Grand Theft Auto 6 will actually be released rather than just yet another add-on for GTA Online.

Gauss we've all got a fresh option for a gen AI handheld: A Samsung device

mhoulden
Terminator

Have they realised that hardly anyone uses Bixby?

Ask a builder to fix a server and out come the vastly inappropriate power tools

mhoulden

Re: Just a quick manicure.

Memories of running Windows 3.1 on a 2 MB 386 SX. That was slow enough, but when the turbo button was pressed...

Scripted shortcut caused double-click disaster of sysadmin's own making

mhoulden

The Sorceror's Apprentice

Reading the article I had an image of a young Mickey Mouse trying to stop enchanted broomsticks from interfering with the laptop.

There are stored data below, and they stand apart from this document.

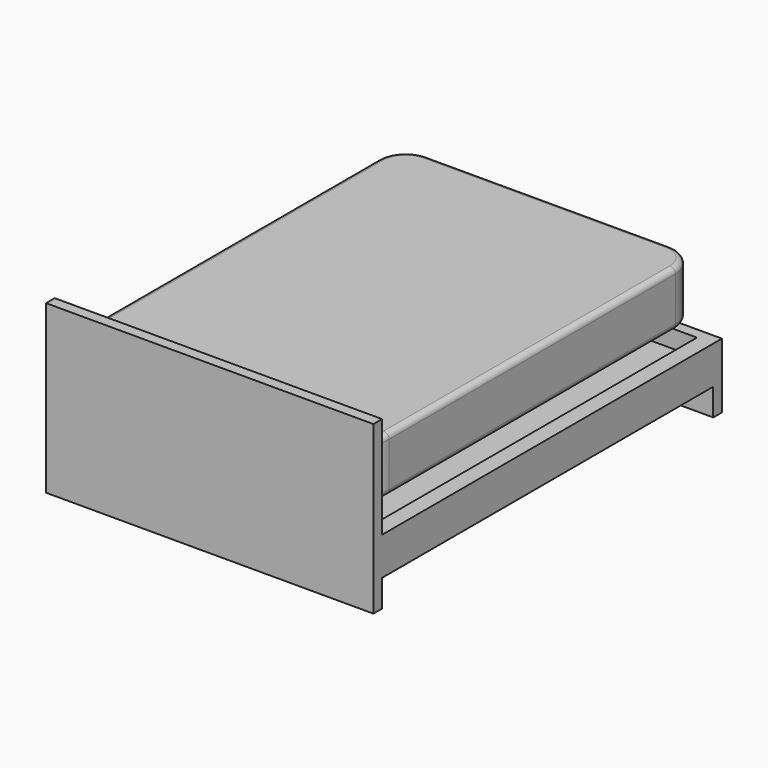
from build123d import *

# Parameters (mm, degrees)
F0_W         = 1371.6
F0_H         = 1905
F1_DEPTH     = 254
F2_R         = 25.4
F3_T1_DEPTH  = 254
F3_T4_ANGLE  = 90
F3_T6_ANGLE  = 90
F3_T8_ANGLE  = 90
F3_T10_ANGLE = 90
F3_T12_ANGLE = 90
F3_T14_ANGLE = 90
F3_T16_ANGLE = 90
F3_T18_ANGLE = 90
F4_W         = 1510
F4_H         = 770
F4_W_2       = 1117.6
F4_H_2       = 203.2
F5_DEPTH     = 50
F6_W         = 75
F6_H         = 175
F7_DEPTH     = 1910
F8_W         = 75
F8_H         = 175
F9_DEPTH     = 50
F11_START    = -80
F11_DEPTH    = 20


# Not quite as in the source:
# - a fillet or chamfer that OpenCascade refuses, or shapes differently, is made with other operations: its cross-section is extruded or revolved along the edge and cut away or added


with BuildPart() as f1:
    # F0 (on Top) → F1 (new body)
    with BuildSketch(Plane.XY):
        Rectangle(F0_W, F0_H)
    extrude(amount=F1_DEPTH)

    # F2
    f2_edges = [f1.edges().sort_by_distance(p)[0] for p in [
        (-685.8, 0, 254),
        (0, 952.5, 254),
        (685.8, 0, 254),
        (0, -952.5, 254),
        (685.8, 0, 0),
        (0, 952.5, 0),
        (-685.8, 0, 0),
        (0, -952.5, 0),
    ]]
    fillet(f2_edges, radius=F2_R)

    # F3: fillet of radius 127 on 4 edges, made by hand

    # F3_s2 → F3_t1 (cut)
    with BuildSketch(Plane.XY):
        with BuildLine():
            ThreePointArc((685.8, -825.5), (648.6025612107, -915.3025612107), (558.8, -952.5))
            Line((558.8, -952.5), (685.8, -952.5))
            Line((685.8, -952.5), (685.8, -825.5))
        make_face()
        with BuildLine():
            ThreePointArc((685.8, 825.5), (648.6025612107, 915.3025612107), (558.8, 952.5))
            Line((558.8, 952.5), (685.8, 952.5))
            Line((685.8, 952.5), (685.8, 825.5))
        make_face()
        with BuildLine():
            ThreePointArc((-558.8, 952.5), (-648.6025612107, 915.3025612107), (-685.8, 825.5))
            Line((-685.8, 825.5), (-685.8, 952.5))
            Line((-685.8, 952.5), (-558.8, 952.5))
        make_face()
        with BuildLine():
            ThreePointArc((-558.8, -952.5), (-648.6025612107, -915.3025612107), (-685.8, -825.5))
            Line((-685.8, -825.5), (-685.8, -952.5))
            Line((-685.8, -952.5), (-558.8, -952.5))
        make_face()
    extrude(amount=F3_T1_DEPTH, mode=Mode.SUBTRACT)

    # F3_s3 → F3_t4 (revolve, cut)
    with BuildSketch(Plane.YZ.offset(-558.8)):
        with BuildLine():
            ThreePointArc((-927.1, 0), (-945.0605122421, 7.4394877579), (-952.5, 25.4))
            Line((-952.5, 25.4), (-952.5, 0))
            Line((-952.5, 0), (-927.1, 0))
        make_face()
    revolve(axis=Axis((-558.8, -825.5, 0), (0, 0, -1)), revolution_arc=F3_T4_ANGLE, mode=Mode.SUBTRACT)

    # F3_s5 → F3_t6 (revolve, cut)
    with BuildSketch(Plane.XZ.offset(825.5)):
        with BuildLine():
            ThreePointArc((-660.4, 254), (-678.3605122421, 246.5605122421), (-685.8, 228.6))
            Line((-685.8, 228.6), (-685.8, 254))
            Line((-685.8, 254), (-660.4, 254))
        make_face()
    revolve(axis=Axis((-558.8, -825.5, 254), (0, 0, 1)), revolution_arc=F3_T6_ANGLE, mode=Mode.SUBTRACT)

    # F3_s7 → F3_t8 (revolve, cut)
    with BuildSketch(Plane.XZ.offset(-825.5)):
        with BuildLine():
            ThreePointArc((-660.4, 0), (-678.3605122421, 7.4394877579), (-685.8, 25.4))
            Line((-685.8, 25.4), (-685.8, 0))
            Line((-685.8, 0), (-660.4, 0))
        make_face()
    revolve(axis=Axis((-558.8, 825.5, 0), (0, 0, -1)), revolution_arc=F3_T8_ANGLE, mode=Mode.SUBTRACT)

    # F3_s9 → F3_t10 (revolve, cut)
    with BuildSketch(Plane.YZ.offset(-558.8)):
        with BuildLine():
            ThreePointArc((927.1, 254), (945.0605122421, 246.5605122421), (952.5, 228.6))
            Line((952.5, 228.6), (952.5, 254))
            Line((952.5, 254), (927.1, 254))
        make_face()
    revolve(axis=Axis((-558.8, 825.5, 254), (0, 0, 1)), revolution_arc=F3_T10_ANGLE, mode=Mode.SUBTRACT)

    # F3_s11 → F3_t12 (revolve, cut)
    with BuildSketch(Plane.YZ.offset(558.8)):
        with BuildLine():
            ThreePointArc((927.1, 0), (945.0605122421, 7.4394877579), (952.5, 25.4))
            Line((952.5, 25.4), (952.5, 0))
            Line((952.5, 0), (927.1, 0))
        make_face()
    revolve(axis=Axis((558.8, 825.5, 0), (0, 0, -1)), revolution_arc=F3_T12_ANGLE, mode=Mode.SUBTRACT)

    # F3_s13 → F3_t14 (revolve, cut)
    with BuildSketch(Plane.XZ.offset(-825.5)):
        with BuildLine():
            ThreePointArc((660.4, 254), (678.3605122421, 246.5605122421), (685.8, 228.6))
            Line((685.8, 228.6), (685.8, 254))
            Line((685.8, 254), (660.4, 254))
        make_face()
    revolve(axis=Axis((558.8, 825.5, 254), (0, 0, 1)), revolution_arc=F3_T14_ANGLE, mode=Mode.SUBTRACT)

    # F3_s15 → F3_t16 (revolve, cut)
    with BuildSketch(Plane.XZ.offset(825.5)):
        with BuildLine():
            ThreePointArc((660.4, 0), (678.3605122421, 7.4394877579), (685.8, 25.4))
            Line((685.8, 25.4), (685.8, 0))
            Line((685.8, 0), (660.4, 0))
        make_face()
    revolve(axis=Axis((558.8, -825.5, 0), (0, 0, -1)), revolution_arc=F3_T16_ANGLE, mode=Mode.SUBTRACT)

    # F3_s17 → F3_t18 (revolve, cut)
    with BuildSketch(Plane.YZ.offset(558.8)):
        with BuildLine():
            ThreePointArc((-927.1, 254), (-945.0605122421, 246.5605122421), (-952.5, 228.6))
            Line((-952.5, 228.6), (-952.5, 254))
            Line((-952.5, 254), (-927.1, 254))
        make_face()
    revolve(axis=Axis((558.8, -825.5, 254), (0, 0, 1)), revolution_arc=F3_T18_ANGLE, mode=Mode.SUBTRACT)


with BuildPart() as f5:
    # F4 (on face) → F5 (new body)
    with BuildSketch(Plane.XZ.offset(952.5)):
        Rectangle(F4_W, F4_H)
        with Locations((0, 127)):
            Rectangle(F4_W_2, F4_H_2, mode=Mode.SUBTRACT)
        with Locations((0, 127)):
            Rectangle(F4_W_2, F4_H_2)
    extrude(amount=F5_DEPTH)

    # F6 (on face) → F7 (join)
    with BuildSketch(Plane(origin=(0, -952.5, 0), x_dir=(-1, 0, 0), z_dir=(0, 1, 0))):
        with Locations((-717.5, -172.5)):
            Rectangle(F6_W, F6_H)
        with Locations((717.5, -172.5)):
            Rectangle(F6_W, F6_H)
    extrude(amount=F7_DEPTH)

    # F8 (on face) → F9 (join)
    with BuildSketch(Plane(origin=(0, 957.5, 0), x_dir=(-1, 0, 0), z_dir=(0, 1, 0))):
        with Locations((-717.5, -172.5)):
            Rectangle(F8_W, F8_H)
        Polygon((755, -85), (-680, -85), (-680, -260), (-755, -260), (-755, -385), (755, -385), align=None)
    extrude(amount=F9_DEPTH)

    # F10 (on face) → F11 (join)
    with BuildSketch(Plane.XY.offset(-85).offset(F11_START)):
        Polygon((680, 955), (-680, 955), (-680, -952.5), (-680, -955), (680, -955), (680, -952.5), align=None)
    extrude(amount=-F11_DEPTH)


solid = Compound([f1.part, f5.part])
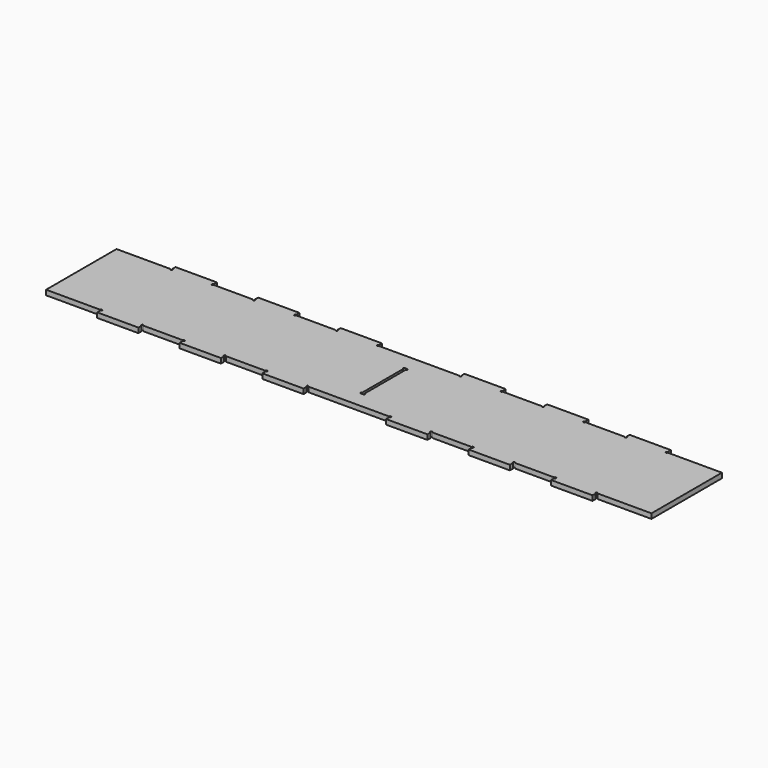
from build123d import *

# Parameters (mm, degrees)
F1_DEPTH = 18
F2_DEPTH = 9


# Not quite as in the source:
# - ends of sketch curves that miss each other by under 0.0002 mm in the source are joined


with BuildPart() as f1:
    # F0 (on Top) → F1 (new body)
    with BuildSketch(Plane.XY):
        with BuildLine():
            Line((-1127.3931139915, 97.8692322969), (-1127.3931139915, -62.1307669387))
            Line((-1127.3931139915, -62.1307669387), (-930.8931139915, -62.1307669387))
            ThreePointArc((-930.8931139915, -62.1307669387), (-924.9182402574, -59.6558932046), (-927.3931139915, -65.6307669387))
            Line((-927.3931139915, -65.6307669387), (-927.3931139915, -80.1307669387))
            Line((-927.3931139915, -80.1307669387), (-777.3931378334, -80.1307669387))
            Line((-777.3931378334, -80.1307669387), (-777.3931378334, -65.6307669387))
            ThreePointArc((-777.3931378334, -65.6307669387), (-779.8680115675, -59.6558932046), (-773.8931378334, -62.1307669387))
            Line((-773.8931378334, -62.1307669387), (-630.8931139915, -62.1307669387))
            ThreePointArc((-630.8931139915, -62.1307669387), (-624.9182402574, -59.6558932046), (-627.3931139915, -65.6307669387))
            Line((-627.3931139915, -65.6307669387), (-627.3931139915, -80.1307669387))
            Line((-627.3931139915, -80.1307669387), (-477.3931378334, -80.1307669387))
            Line((-477.3931378334, -80.1307669387), (-477.3931378334, -65.6307669387))
            ThreePointArc((-477.3931378334, -65.6307669387), (-479.8680115675, -59.6558932046), (-473.8931378334, -62.1307669387))
            Line((-473.8931378334, -62.1307669387), (-330.8931139915, -62.1307669387))
            ThreePointArc((-330.8931139915, -62.1307669387), (-324.9182402574, -59.6558932046), (-327.3931139915, -65.6307669387))
            Line((-327.3931139915, -65.6307669387), (-327.3931139915, -80.1307669387))
            Line((-327.3931139915, -80.1307669387), (-177.3931378334, -80.1307669387))
            Line((-177.3931378334, -80.1307669387), (-177.3931378334, -65.6307669387))
            ThreePointArc((-177.3931378334, -65.6307669387), (-179.8680115675, -59.6558932046), (-173.8931378334, -62.1307669387))
            Line((-173.8931378334, -62.1307669387), (-27.3931378334, -62.1307669387))
            Line((-27.3931378334, -62.1307669387), (119.1069098503, -62.1307669387))
            ThreePointArc((119.1069098503, -62.1307669387), (125.0817835845, -59.6558932046), (122.6069098503, -65.6307669387))
            Line((122.6069098503, -65.6307669387), (122.6069098503, -80.1307669387))
            Line((122.6069098503, -80.1307669387), (272.6068860085, -80.1307669387))
            Line((272.6068860085, -80.1307669387), (272.6068860085, -65.6307669387))
            ThreePointArc((272.6068860085, -65.6307669387), (270.1320122743, -59.6558932046), (276.1068860085, -62.1307669387))
            Line((276.1068860085, -62.1307669387), (419.1069098503, -62.1307669387))
            ThreePointArc((419.1069098503, -62.1307669387), (425.0817835845, -59.6558932046), (422.6069098503, -65.6307669387))
            Line((422.6069098503, -65.6307669387), (422.6069098503, -80.1307669387))
            Line((422.6069098503, -80.1307669387), (572.6068860085, -80.1307669387))
            Line((572.6068860085, -80.1307669387), (572.6068860085, -65.6307669387))
            ThreePointArc((572.6068860085, -65.6307669387), (570.1320122743, -59.6558932046), (576.1068860085, -62.1307669387))
            Line((576.1068860085, -62.1307669387), (719.1069098503, -62.1307669387))
            ThreePointArc((719.1069098503, -62.1307669387), (725.0817835845, -59.6558932046), (722.6069098503, -65.6307669387))
            Line((722.6069098503, -65.6307669387), (722.6069098503, -80.1307669387))
            Line((722.6069098503, -80.1307669387), (872.6068860085, -80.1307669387))
            Line((872.6068860085, -80.1307669387), (872.6068860085, -65.6307669387))
            ThreePointArc((872.6068860085, -65.6307669387), (870.1320122743, -59.6558932046), (876.1068860085, -62.1307669387))
            Line((876.1068860085, -62.1307669387), (1072.6068860085, -62.1307669387))
            Line((1072.6068860085, -62.1307669387), (1072.6068860085, 97.8692322969))
            Line((1072.6068860085, 97.8692322969), (1072.6068860085, 257.8692315326))
            Line((1072.6068860085, 257.8692315326), (876.1068860085, 257.8692315326))
            ThreePointArc((876.1068860085, 257.8692315326), (870.1320122743, 255.3943577985), (872.6068860085, 261.3692315326))
            Line((872.6068860085, 261.3692315326), (872.6068860085, 275.8692315326))
            Line((872.6068860085, 275.8692315326), (722.6069098503, 275.8692315326))
            Line((722.6069098503, 275.8692315326), (722.6069098503, 261.3692315326))
            ThreePointArc((722.6069098503, 261.3692315326), (725.0817835845, 255.3943577985), (719.1069098503, 257.8692315326))
            Line((719.1069098503, 257.8692315326), (576.1068860085, 257.8692315326))
            ThreePointArc((576.1068860085, 257.8692315326), (570.1320122743, 255.3943577985), (572.6068860085, 261.3692315326))
            Line((572.6068860085, 261.3692315326), (572.6068860085, 275.8692315326))
            Line((572.6068860085, 275.8692315326), (422.6069098503, 275.8692315326))
            Line((422.6069098503, 275.8692315326), (422.6069098503, 261.3692315326))
            ThreePointArc((422.6069098503, 261.3692315326), (425.0817835845, 255.3943577985), (419.1069098503, 257.8692315326))
            Line((419.1069098503, 257.8692315326), (276.1068860085, 257.8692315326))
            ThreePointArc((276.1068860085, 257.8692315326), (270.1320122743, 255.3943577985), (272.6068860085, 261.3692315326))
            Line((272.6068860085, 261.3692315326), (272.6068860085, 275.8692315326))
            Line((272.6068860085, 275.8692315326), (122.6069098503, 275.8692315326))
            Line((122.6069098503, 275.8692315326), (122.6069098503, 261.3692315326))
            ThreePointArc((122.6069098503, 261.3692315326), (125.0817835845, 255.3943577985), (119.1069098503, 257.8692315326))
            Line((119.1069098503, 257.8692315326), (-27.3930901497, 257.8692315326))
            Line((-27.3930901497, 257.8692315326), (-173.8931378334, 257.8692315326))
            ThreePointArc((-173.8931378334, 257.8692315326), (-179.8680115675, 255.3943577985), (-177.3931378334, 261.3692315326))
            Line((-177.3931378334, 261.3692315326), (-177.3931378334, 275.8692315326))
            Line((-177.3931378334, 275.8692315326), (-327.3931139915, 275.8692315326))
            Line((-327.3931139915, 275.8692315326), (-327.3931139915, 261.3692315326))
            ThreePointArc((-327.3931139915, 261.3692315326), (-324.9182402574, 255.3943577985), (-330.8931139915, 257.8692315326))
            Line((-330.8931139915, 257.8692315326), (-473.8931378334, 257.8692315326))
            ThreePointArc((-473.8931378334, 257.8692315326), (-479.8680115675, 255.3943577985), (-477.3931378334, 261.3692315326))
            Line((-477.3931378334, 261.3692315326), (-477.3931378334, 275.8692315326))
            Line((-477.3931378334, 275.8692315326), (-627.3931139915, 275.8692315326))
            Line((-627.3931139915, 275.8692315326), (-627.3931139915, 261.3692315326))
            ThreePointArc((-627.3931139915, 261.3692315326), (-624.9182402574, 255.3943577985), (-630.8931139915, 257.8692315326))
            Line((-630.8931139915, 257.8692315326), (-773.8931378334, 257.8692315326))
            ThreePointArc((-773.8931378334, 257.8692315326), (-779.8680115675, 255.3943577985), (-777.3931378334, 261.3692315326))
            Line((-777.3931378334, 261.3692315326), (-777.3931378334, 275.8692315326))
            Line((-777.3931378334, 275.8692315326), (-927.3931139915, 275.8692315326))
            Line((-927.3931139915, 275.8692315326), (-927.3931139915, 261.3692315326))
            ThreePointArc((-927.3931139915, 261.3692315326), (-924.9182402574, 255.3943577985), (-930.8931139915, 257.8692315326))
            Line((-930.8931139915, 257.8692315326), (-1127.3931139915, 257.8692315326))
            Line((-1127.3931139915, 257.8692315326), (-1127.3931139915, 97.8692322969))
        make_face()
        with BuildLine():
            Line((-22.8931139915, 190.8692322969), (-22.8931139915, 97.8692322969))
            Line((-22.8931139915, 97.8692322969), (-22.8931139915, 4.8692322969))
            ThreePointArc((-22.8931139915, 4.8692322969), (-19.3931139915, 1.3692322969), (-22.8931139915, -2.1307677031))
            Line((-22.8931139915, -2.1307677031), (-27.3931139915, -2.1307677031))
            Line((-27.3931139915, -2.1307677031), (-31.8931139915, -2.1307677031))
            ThreePointArc((-31.8931139915, -2.1307677031), (-35.3931139915, 1.3692322969), (-31.8931139915, 4.8692322969))
            Line((-31.8931139915, 4.8692322969), (-31.8931139915, 97.8692322969))
            Line((-31.8931139915, 97.8692322969), (-31.8931139915, 190.8692322969))
            ThreePointArc((-31.8931139915, 190.8692322969), (-35.3931139915, 194.3692322969), (-31.8931139915, 197.8692322969))
            Line((-31.8931139915, 197.8692322969), (-27.3931139915, 197.8692322969))
            Line((-27.3931139915, 197.8692322969), (-22.8931139915, 197.8692322969))
            ThreePointArc((-22.8931139915, 197.8692322969), (-19.3931139915, 194.3692322969), (-22.8931139915, 190.8692322969))
        make_face(mode=Mode.SUBTRACT)
    extrude(amount=F1_DEPTH)

    # F0 (on Top) → F2 (join)
    with BuildSketch(Plane.XY):
        with BuildLine():
            Line((-22.8931139915, 4.8692322969), (-22.8931139915, 97.8692322969))
            Line((-22.8931139915, 97.8692322969), (-22.8931139915, 190.8692322969))
            ThreePointArc((-22.8931139915, 190.8692322969), (-19.3931139915, 194.3692322969), (-22.8931139915, 197.8692322969))
            Line((-22.8931139915, 197.8692322969), (-27.3931139915, 197.8692322969))
            Line((-27.3931139915, 197.8692322969), (-31.8931139915, 197.8692322969))
            ThreePointArc((-31.8931139915, 197.8692322969), (-35.3931139915, 194.3692322969), (-31.8931139915, 190.8692322969))
            Line((-31.8931139915, 190.8692322969), (-31.8931139915, 97.8692322969))
            Line((-31.8931139915, 97.8692322969), (-31.8931139915, 4.8692322969))
            ThreePointArc((-31.8931139915, 4.8692322969), (-35.3931139915, 1.3692322969), (-31.8931139915, -2.1307677031))
            Line((-31.8931139915, -2.1307677031), (-27.3931139915, -2.1307677031))
            Line((-27.3931139915, -2.1307677031), (-22.8931139915, -2.1307677031))
            ThreePointArc((-22.8931139915, -2.1307677031), (-19.3931139915, 1.3692322969), (-22.8931139915, 4.8692322969))
        make_face()
    extrude(amount=F2_DEPTH)


solid = f1.part

Lock-in to legacy code is a thing. Being locked in by legacy code is another thing entirely

mhoulden

A few years ago someone got locked in a branch of Waterstones: https://www.theguardian.com/uk-news/2014/oct/17/us-tourist-locked-inside-london-waterstones-book-shop. The idea of being locked in a bookshop with only sofas and a café for company proved so popular that they ran a charity sleepover a short while later.

Dialup-era developer writes ChatGPT client for Windows 3.1

mhoulden
Terminator

There's an "evil" version of Eliza called Azile: https://www.cs.cmu.edu/afs/cs/project/ai-repository/ai/areas/classics/eliza/azile/0.html. You ask it questions and it finds creative ways to insult you. Needs a classic Mac (or an emulator) to run.

A toast to being in the right place at the right time

mhoulden

Re: He's toast

A few times we had a fire drill while the regional facilities manager was on site. She made extra sure everyone used their swipe card to get back into the building. They could show their ID cards if they didn't have one. Assuming they hadn't put them in their wallet and left it upstairs...

Microsoft finally gets around to supporting rar, gz and tar files in Windows

mhoulden

I'll definitely not hear a bad word said about 7 Zip. WinZip did stuff that Windows built in zip handling didn't but it's otherwise pretty terrible. I know there are command line utilities for tar and gz files but I can never remember the incantations to use them.

Phil Katz died in 2000. If he hadn't published the Zip file format we might be using something else now. I wonder what he'd be doing now if he was still around.